El equipo jugó al ritmo del clima... y de la grada: C.D. Fuentes (2-1) Gilena C.F.

El estadio de El Barrancón se está convirtiendo ya en un fortín, un feudo inexpugnable donde los rivales son conocedores de donde pisan, del encuentro al que se van a medir sus conjuntos, y de la trayectoria que viene firmando el conjunto fontaniego en casa.

La mala racha a domicilio, donde el equipo no gana desde la temporada (2011-12), está siendo solventada en la presente haciendo de su casa un lugar donde los puntos pocas veces suelen escaparse. Los de Camilo León llevan cinco partidos consecutivos invictos en El Barrancón, cuatro triunfos y un empate: trece puntos que son los que ilustra la clasificación. Tan solo con ser capaz de sumar algún puntito a domicilio, el equipo estaría mitad de tabla, inclusive zona alta de la misma. Pero no es momento ahora de analizar aspectos negativos después de un triunfo como el presente.

Hay que sentirse orgulloso de un equipo que se deja la piel en el campo. Que lo da todo, y que cada jornada que pasa intenta mejorar el fútbol que proyecta sobre el tapiz verde. El conjunto fontaniego tiene un buen trato del balón, es generoso en ataque, y atrevido en el juego. Un modus operandi futbolístico, que en estas categorías, merece la pena mencionar y destacar.

La climatología no podía ser más adversa durante el choque: ocho grados de temperatura, con un viento gélido que dejó las gradas completamente vacías durante la primera parte. Tan solo unos cuantos atrevidos aguantaban el envite al sol, donde todavía medio se podía estar. Y el juego se hizo cómplice del tiempo. Pocas llegadas, poco acierto en los metros finales... no se tiró ni un solo córner por ninguna de las escuadras en los primeros cuarenta y cinco minutos, y los porteros tampoco intervinieron en ninguna ocasión. Con el mismo marcador que al pitido inicial nos marcharíamos al descanso.

La gente fue animándose a situarse en la zona del gradería donde los fieles del conjunto fontaniego espolean cada domingo a los suyos. Y parece que el marcador fue al unísono con ellos. Conformen se lanzaron a darle ánimos a los suyos en la zona mítica del fondo del estadio El Barrancón, el equipo se creció en el ímpetu y subió el primero tanto al marcador.
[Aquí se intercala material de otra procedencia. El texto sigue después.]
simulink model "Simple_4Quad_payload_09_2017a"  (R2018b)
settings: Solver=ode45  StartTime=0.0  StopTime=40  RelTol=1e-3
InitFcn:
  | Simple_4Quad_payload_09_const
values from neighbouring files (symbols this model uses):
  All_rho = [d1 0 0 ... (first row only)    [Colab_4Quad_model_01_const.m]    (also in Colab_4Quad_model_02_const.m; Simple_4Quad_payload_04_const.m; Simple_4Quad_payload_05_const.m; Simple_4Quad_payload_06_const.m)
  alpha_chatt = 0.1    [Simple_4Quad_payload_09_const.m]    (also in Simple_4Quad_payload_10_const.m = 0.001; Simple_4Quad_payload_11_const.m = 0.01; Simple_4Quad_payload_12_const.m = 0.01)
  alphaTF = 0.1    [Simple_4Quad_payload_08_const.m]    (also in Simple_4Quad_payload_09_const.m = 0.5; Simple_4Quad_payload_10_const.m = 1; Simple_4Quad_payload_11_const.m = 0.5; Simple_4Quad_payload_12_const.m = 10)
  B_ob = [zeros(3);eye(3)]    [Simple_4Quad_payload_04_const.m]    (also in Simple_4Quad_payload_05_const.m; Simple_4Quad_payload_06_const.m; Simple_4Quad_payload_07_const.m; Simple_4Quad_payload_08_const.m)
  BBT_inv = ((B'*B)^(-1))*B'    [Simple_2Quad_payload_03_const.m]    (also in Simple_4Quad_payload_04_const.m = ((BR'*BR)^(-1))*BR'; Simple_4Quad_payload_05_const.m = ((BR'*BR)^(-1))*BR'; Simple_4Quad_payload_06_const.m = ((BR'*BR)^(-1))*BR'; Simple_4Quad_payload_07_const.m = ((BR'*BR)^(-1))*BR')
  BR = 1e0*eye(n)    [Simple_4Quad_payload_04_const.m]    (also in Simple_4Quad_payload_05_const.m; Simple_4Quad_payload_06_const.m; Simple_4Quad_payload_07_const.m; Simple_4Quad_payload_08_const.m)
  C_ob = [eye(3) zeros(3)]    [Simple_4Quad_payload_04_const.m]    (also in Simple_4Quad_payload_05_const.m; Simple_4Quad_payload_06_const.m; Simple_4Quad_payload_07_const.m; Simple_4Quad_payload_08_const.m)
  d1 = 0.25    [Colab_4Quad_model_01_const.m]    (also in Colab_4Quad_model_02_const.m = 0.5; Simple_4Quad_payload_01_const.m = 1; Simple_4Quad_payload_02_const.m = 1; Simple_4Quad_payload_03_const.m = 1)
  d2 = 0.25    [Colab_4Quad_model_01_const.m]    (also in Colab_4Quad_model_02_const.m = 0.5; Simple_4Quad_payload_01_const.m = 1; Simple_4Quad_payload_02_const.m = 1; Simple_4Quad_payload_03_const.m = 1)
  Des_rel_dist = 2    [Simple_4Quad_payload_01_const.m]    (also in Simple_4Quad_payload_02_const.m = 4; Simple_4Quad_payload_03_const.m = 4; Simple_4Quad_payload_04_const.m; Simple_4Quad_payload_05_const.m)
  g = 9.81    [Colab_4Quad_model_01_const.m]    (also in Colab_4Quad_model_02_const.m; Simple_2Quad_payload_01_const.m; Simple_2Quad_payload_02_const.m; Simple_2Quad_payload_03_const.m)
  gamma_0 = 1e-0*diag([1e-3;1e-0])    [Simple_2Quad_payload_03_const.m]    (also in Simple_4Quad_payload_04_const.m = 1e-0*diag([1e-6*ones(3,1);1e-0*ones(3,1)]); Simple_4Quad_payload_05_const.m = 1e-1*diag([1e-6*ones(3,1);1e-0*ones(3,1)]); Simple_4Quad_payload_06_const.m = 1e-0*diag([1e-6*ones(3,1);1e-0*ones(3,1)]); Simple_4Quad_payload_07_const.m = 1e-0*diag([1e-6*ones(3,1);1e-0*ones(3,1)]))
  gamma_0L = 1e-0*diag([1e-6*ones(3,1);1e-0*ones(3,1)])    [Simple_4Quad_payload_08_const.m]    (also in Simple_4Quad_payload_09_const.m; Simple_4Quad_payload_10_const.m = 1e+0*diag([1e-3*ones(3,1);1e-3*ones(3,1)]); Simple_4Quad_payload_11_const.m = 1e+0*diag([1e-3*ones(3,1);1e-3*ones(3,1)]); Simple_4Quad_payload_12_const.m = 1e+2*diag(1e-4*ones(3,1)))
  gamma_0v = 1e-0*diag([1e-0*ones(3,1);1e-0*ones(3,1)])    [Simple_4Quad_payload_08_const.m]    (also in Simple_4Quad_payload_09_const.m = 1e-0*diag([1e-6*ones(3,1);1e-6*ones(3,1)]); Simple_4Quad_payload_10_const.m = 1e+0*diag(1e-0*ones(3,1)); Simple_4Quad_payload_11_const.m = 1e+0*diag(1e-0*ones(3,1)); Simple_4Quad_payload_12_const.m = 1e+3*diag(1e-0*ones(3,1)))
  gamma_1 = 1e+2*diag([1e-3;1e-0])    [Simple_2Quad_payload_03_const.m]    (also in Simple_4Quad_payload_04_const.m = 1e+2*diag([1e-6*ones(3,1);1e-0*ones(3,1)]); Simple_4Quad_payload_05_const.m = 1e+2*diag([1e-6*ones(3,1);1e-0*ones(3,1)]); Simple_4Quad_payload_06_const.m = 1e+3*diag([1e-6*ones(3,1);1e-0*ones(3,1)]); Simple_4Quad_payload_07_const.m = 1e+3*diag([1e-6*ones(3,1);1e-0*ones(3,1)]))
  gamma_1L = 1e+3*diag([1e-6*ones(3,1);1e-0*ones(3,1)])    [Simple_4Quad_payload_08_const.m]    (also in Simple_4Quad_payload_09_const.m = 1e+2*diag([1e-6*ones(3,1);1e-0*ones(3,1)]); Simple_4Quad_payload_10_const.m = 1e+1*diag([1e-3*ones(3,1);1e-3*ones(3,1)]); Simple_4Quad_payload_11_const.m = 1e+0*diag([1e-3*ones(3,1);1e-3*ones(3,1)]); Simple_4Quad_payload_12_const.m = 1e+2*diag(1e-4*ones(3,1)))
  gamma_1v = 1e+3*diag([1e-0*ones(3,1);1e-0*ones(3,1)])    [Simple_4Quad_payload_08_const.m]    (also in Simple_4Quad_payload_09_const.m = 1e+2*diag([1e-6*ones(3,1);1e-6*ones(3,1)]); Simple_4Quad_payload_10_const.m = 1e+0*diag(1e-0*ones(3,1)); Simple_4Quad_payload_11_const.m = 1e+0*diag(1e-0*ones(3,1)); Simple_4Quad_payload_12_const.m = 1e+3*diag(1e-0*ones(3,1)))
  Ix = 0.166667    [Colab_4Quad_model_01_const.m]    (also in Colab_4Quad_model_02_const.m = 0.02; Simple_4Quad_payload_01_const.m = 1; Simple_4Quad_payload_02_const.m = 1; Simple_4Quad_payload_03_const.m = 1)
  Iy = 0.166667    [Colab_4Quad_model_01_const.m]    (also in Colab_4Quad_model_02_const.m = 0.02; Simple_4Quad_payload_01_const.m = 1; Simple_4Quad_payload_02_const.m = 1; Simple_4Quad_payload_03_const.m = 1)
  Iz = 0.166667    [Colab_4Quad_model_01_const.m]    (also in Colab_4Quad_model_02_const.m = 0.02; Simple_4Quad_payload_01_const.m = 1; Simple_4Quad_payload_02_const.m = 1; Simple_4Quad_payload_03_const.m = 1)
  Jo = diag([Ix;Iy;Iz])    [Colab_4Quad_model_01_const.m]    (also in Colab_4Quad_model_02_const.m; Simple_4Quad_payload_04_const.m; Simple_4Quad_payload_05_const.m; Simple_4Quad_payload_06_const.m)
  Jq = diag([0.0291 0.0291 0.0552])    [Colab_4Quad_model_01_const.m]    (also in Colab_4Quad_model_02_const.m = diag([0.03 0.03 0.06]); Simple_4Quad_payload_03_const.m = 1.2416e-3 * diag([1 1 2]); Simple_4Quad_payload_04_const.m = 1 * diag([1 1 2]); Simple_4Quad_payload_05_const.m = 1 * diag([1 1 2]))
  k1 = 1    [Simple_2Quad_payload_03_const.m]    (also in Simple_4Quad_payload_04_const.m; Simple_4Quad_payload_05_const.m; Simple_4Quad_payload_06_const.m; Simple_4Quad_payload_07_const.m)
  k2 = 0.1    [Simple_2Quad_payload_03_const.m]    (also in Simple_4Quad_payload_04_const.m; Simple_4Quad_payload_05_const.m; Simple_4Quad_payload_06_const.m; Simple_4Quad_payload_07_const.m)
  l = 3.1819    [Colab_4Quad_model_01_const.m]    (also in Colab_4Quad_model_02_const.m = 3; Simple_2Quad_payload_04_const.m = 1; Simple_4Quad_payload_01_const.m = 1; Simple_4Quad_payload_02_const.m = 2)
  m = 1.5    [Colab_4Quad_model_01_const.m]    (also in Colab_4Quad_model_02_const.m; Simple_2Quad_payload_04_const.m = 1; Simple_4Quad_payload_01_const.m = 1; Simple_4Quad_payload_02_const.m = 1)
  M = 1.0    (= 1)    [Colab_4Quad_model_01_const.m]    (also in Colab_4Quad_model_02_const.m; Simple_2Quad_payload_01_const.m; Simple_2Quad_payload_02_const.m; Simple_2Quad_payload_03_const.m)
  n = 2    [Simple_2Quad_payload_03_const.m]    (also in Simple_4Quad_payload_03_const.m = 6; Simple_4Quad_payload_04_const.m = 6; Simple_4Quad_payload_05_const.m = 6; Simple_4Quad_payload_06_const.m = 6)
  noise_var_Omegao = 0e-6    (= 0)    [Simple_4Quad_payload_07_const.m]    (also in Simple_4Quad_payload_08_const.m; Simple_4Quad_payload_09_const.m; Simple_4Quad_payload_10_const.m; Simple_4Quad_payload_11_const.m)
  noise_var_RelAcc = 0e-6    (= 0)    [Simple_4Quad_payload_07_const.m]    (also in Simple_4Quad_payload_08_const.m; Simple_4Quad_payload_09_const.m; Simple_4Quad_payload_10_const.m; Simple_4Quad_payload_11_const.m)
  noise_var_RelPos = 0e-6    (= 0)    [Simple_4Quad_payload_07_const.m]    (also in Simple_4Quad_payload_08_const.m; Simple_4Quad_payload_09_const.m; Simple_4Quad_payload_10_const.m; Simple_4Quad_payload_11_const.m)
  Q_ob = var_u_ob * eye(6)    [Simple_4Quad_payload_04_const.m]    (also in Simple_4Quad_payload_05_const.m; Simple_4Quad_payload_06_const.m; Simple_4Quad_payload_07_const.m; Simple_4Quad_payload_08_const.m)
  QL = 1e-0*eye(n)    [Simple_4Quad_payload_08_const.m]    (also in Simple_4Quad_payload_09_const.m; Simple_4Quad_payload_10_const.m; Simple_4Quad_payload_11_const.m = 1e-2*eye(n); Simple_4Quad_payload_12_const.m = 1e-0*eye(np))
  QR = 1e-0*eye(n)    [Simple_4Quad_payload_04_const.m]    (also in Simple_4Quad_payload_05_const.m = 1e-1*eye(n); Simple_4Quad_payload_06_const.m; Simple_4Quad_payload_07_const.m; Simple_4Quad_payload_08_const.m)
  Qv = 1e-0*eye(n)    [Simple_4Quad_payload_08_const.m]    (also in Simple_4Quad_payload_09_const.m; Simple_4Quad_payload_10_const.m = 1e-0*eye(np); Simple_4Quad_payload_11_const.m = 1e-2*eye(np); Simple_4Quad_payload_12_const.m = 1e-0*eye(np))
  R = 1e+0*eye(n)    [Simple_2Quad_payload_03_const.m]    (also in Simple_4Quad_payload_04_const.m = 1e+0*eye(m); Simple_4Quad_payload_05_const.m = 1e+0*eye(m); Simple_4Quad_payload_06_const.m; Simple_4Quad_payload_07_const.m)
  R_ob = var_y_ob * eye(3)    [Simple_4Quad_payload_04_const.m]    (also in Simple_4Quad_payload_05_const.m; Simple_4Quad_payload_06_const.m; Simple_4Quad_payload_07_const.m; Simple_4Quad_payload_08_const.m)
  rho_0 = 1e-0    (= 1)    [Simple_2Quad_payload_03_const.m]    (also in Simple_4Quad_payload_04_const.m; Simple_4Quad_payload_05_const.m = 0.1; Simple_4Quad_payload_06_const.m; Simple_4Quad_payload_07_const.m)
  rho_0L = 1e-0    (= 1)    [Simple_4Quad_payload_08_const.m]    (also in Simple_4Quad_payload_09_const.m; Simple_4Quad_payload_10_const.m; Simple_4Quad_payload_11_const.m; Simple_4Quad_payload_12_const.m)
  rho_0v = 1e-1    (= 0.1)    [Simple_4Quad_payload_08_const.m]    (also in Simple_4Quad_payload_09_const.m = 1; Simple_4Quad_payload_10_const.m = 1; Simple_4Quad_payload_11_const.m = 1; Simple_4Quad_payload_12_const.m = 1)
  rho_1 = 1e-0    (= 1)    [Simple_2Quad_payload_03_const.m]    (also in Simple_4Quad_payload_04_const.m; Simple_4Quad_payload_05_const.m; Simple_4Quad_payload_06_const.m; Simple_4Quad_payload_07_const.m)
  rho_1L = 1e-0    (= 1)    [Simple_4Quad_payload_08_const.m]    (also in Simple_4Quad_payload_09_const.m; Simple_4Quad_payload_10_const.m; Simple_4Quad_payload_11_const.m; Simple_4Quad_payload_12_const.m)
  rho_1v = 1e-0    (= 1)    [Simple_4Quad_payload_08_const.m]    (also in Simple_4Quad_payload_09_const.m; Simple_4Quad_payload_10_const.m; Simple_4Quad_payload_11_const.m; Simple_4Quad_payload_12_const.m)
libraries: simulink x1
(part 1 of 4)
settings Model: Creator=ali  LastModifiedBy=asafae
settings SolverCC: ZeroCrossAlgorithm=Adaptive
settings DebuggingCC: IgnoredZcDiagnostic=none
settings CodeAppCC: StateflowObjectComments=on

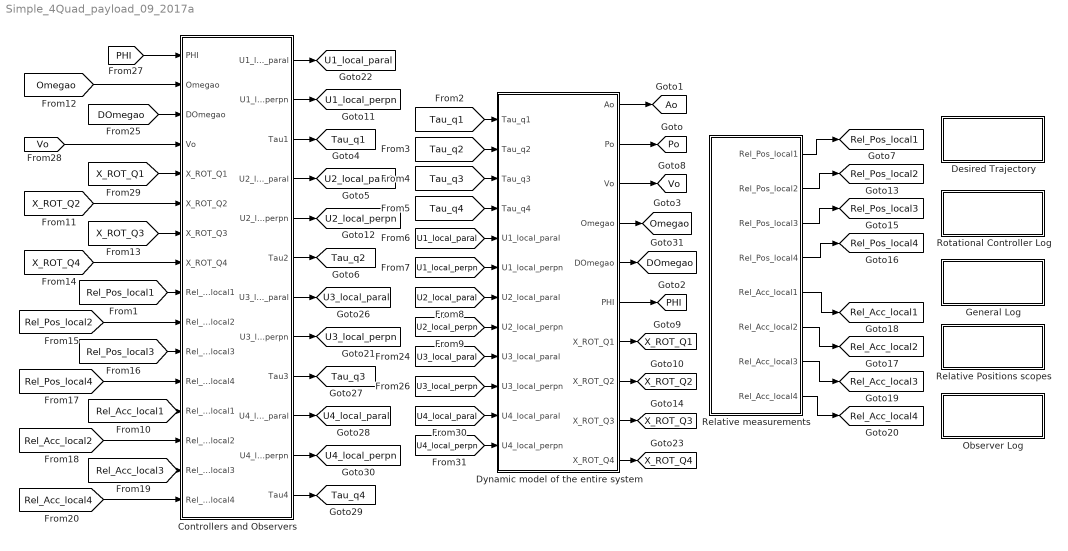
== system Simple_4Quad_payload_09_2017a ==
  Controllers and Observers : Subsystem
  Desired Trajectory : Subsystem
  Dynamic model of the entire system : Subsystem
  General Log : Subsystem
  Observer Log : Subsystem
  Relative Positions scopes : Subsystem
  Relative measurements : Subsystem
  Rotational Controller Log : Subsystem
  tag scope: Ao=global, DOmegao=global, Omegao=global, PHI=global, Po=global, Rel_Acc_local1=global, Rel_Acc_local2=global, Rel_Acc_local3=global, Rel_Acc_local4=global, Rel_Pos_local1=global, Rel_Pos_local2=global, Rel_Pos_local3=global, Rel_Pos_local4=global, Tau_q1=global, Tau_q2=global, Tau_q3=global, Tau_q4=global, U1_local_paral=global, U1_local_perpn=global, U2_local_paral=global, U2_local_perpn=global, U3_local_paral=global, U3_local_perpn=global, U4_local_paral=global, U4_local_perpn=global, Vo=global, X_ROT_Q1=global, X_ROT_Q2=global, X_ROT_Q3=global, X_ROT_Q4=global
  wires:
  [Tau_q1] -> Dynamic model of the entire system/1(Tau_q1)
  [Tau_q2] -> Dynamic model of the entire system/2(Tau_q2)
  [Tau_q3] -> Dynamic model of the entire system/3(Tau_q3)
  [Tau_q4] -> Dynamic model of the entire system/4(Tau_q4)
  [U1_local_paral] -> Dynamic model of the entire system/5(U1_local_paral)
  [U1_local_perpn] -> Dynamic model of the entire system/6(U1_local_perpn)
  Dynamic model of the entire system/6(PHI) -> [PHI]
  Dynamic model of the entire system/4(Omegao) -> [Omegao]
  Dynamic model of the entire system/1(Ao) -> [Ao]
  Dynamic model of the entire system/2(Po) -> [Po]
  Dynamic model of the entire system/5(DOmegao) -> [DOmegao]
  Dynamic model of the entire system/7(X_ROT_Q1) -> [X_ROT_Q1]
  Dynamic model of the entire system/8(X_ROT_Q2) -> [X_ROT_Q2]
  Dynamic model of the entire system/9(X_ROT_Q3) -> [X_ROT_Q3]
  Controllers and Observers/1(U1_local_paral) -> [U1_local_paral]
  Controllers and Observers/3(Tau1) -> [Tau_q1]
  Controllers and Observers/4(U2_local_paral) -> [U2_local_paral]
  Controllers and Observers/6(Tau2) -> [Tau_q2]
  Controllers and Observers/12(Tau4) -> [Tau_q4]
  Controllers and Observers/10(U4_local_paral) -> [U4_local_paral]
  Controllers and Observers/9(Tau3) -> [Tau_q3]
  Controllers and Observers/7(U3_local_paral) -> [U3_local_paral]
  [Omegao] -> Controllers and Observers/2(Omegao)
  [DOmegao] -> Controllers and Observers/3(DOmegao)
  [X_ROT_Q1] -> Controllers and Observers/5(X_ROT_Q1)
  [X_ROT_Q2] -> Controllers and Observers/6(X_ROT_Q2)
  [X_ROT_Q3] -> Controllers and Observers/7(X_ROT_Q3)
  [X_ROT_Q4] -> Controllers and Observers/8(X_ROT_Q4)
  [Rel_Pos_local1] -> Controllers and Observers/9(Rel_Pos_local1)
  [Rel_Pos_local2] -> Controllers and Observers/10(Rel_Pos_local2)
  [Rel_Pos_local3] -> Controllers and Observers/11(Rel_Pos_local3)
  [Rel_Pos_local4] -> Controllers and Observers/12(Rel_Pos_local4)
  [Rel_Acc_local1] -> Controllers and Observers/13(Rel_Acc_local1)
  [Rel_Acc_local2] -> Controllers and Observers/14(Rel_Acc_local2)
  [Rel_Acc_local3] -> Controllers and Observers/15(Rel_Acc_local3)
  [Rel_Acc_local4] -> Controllers and Observers/16(Rel_Acc_local4)
  Relative measurements/1(Rel_Pos_local1) -> [Rel_Pos_local1]
  Relative measurements/2(Rel_Pos_local2) -> [Rel_Pos_local2]
  Relative measurements/3(Rel_Pos_local3) -> [Rel_Pos_local3]
  Relative measurements/4(Rel_Pos_local4) -> [Rel_Pos_local4]
  Relative measurements/5(Rel_Acc_local1) -> [Rel_Acc_local1]
  Relative measurements/6(Rel_Acc_local2) -> [Rel_Acc_local2]
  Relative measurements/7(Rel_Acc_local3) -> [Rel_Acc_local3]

Si bien, es reseñable el acierto del técnico Camilo León, quien realizó tres cambios de una tacada, y en el gol, dos de los recién incorporados colaboraron con el mismo: Félix, quien volvía a jugar con el C.D. Fuentes, centraba y José, con más corazón que otra cosa, adelantaba a los suyos.

A raíz de aquí, el equipo no se echó atrás a verlas venir. No quierán especular con el resultado, y verse in extremis con un empate como el de la semana pasada ante el cuadro carmonense, cuando merecían mucho más que un punto. Y en esa entrega, en esa mentalidad atacante, Jopito, tras un partidazo atrás, subía el segundo al marcador en una auténtica jugada de delantero centro: definió como si de un nueve se tratase. Por ello, no es casualidad que sea el segundo máximo goleador del equipo con tres goles, siendo defensa, uno menos que el máximo artillero, Tomás con cuatro.

Y cuando parecía que por fin viviéramos un final de partido tranquilo en el Barrancón... llegó el tanto de Gilena en el tiempo de descuento. Siempre pasa algo en el feudo fontaniego en los finales de partido; para bien o para mal. Menos mal que en esta ocasión el equipo tenía dos goles de renta, y a pesar de los cinco minutos de descuento del árbitro, finalmente, los tres puntos se quedaron en casa para alegría de todos.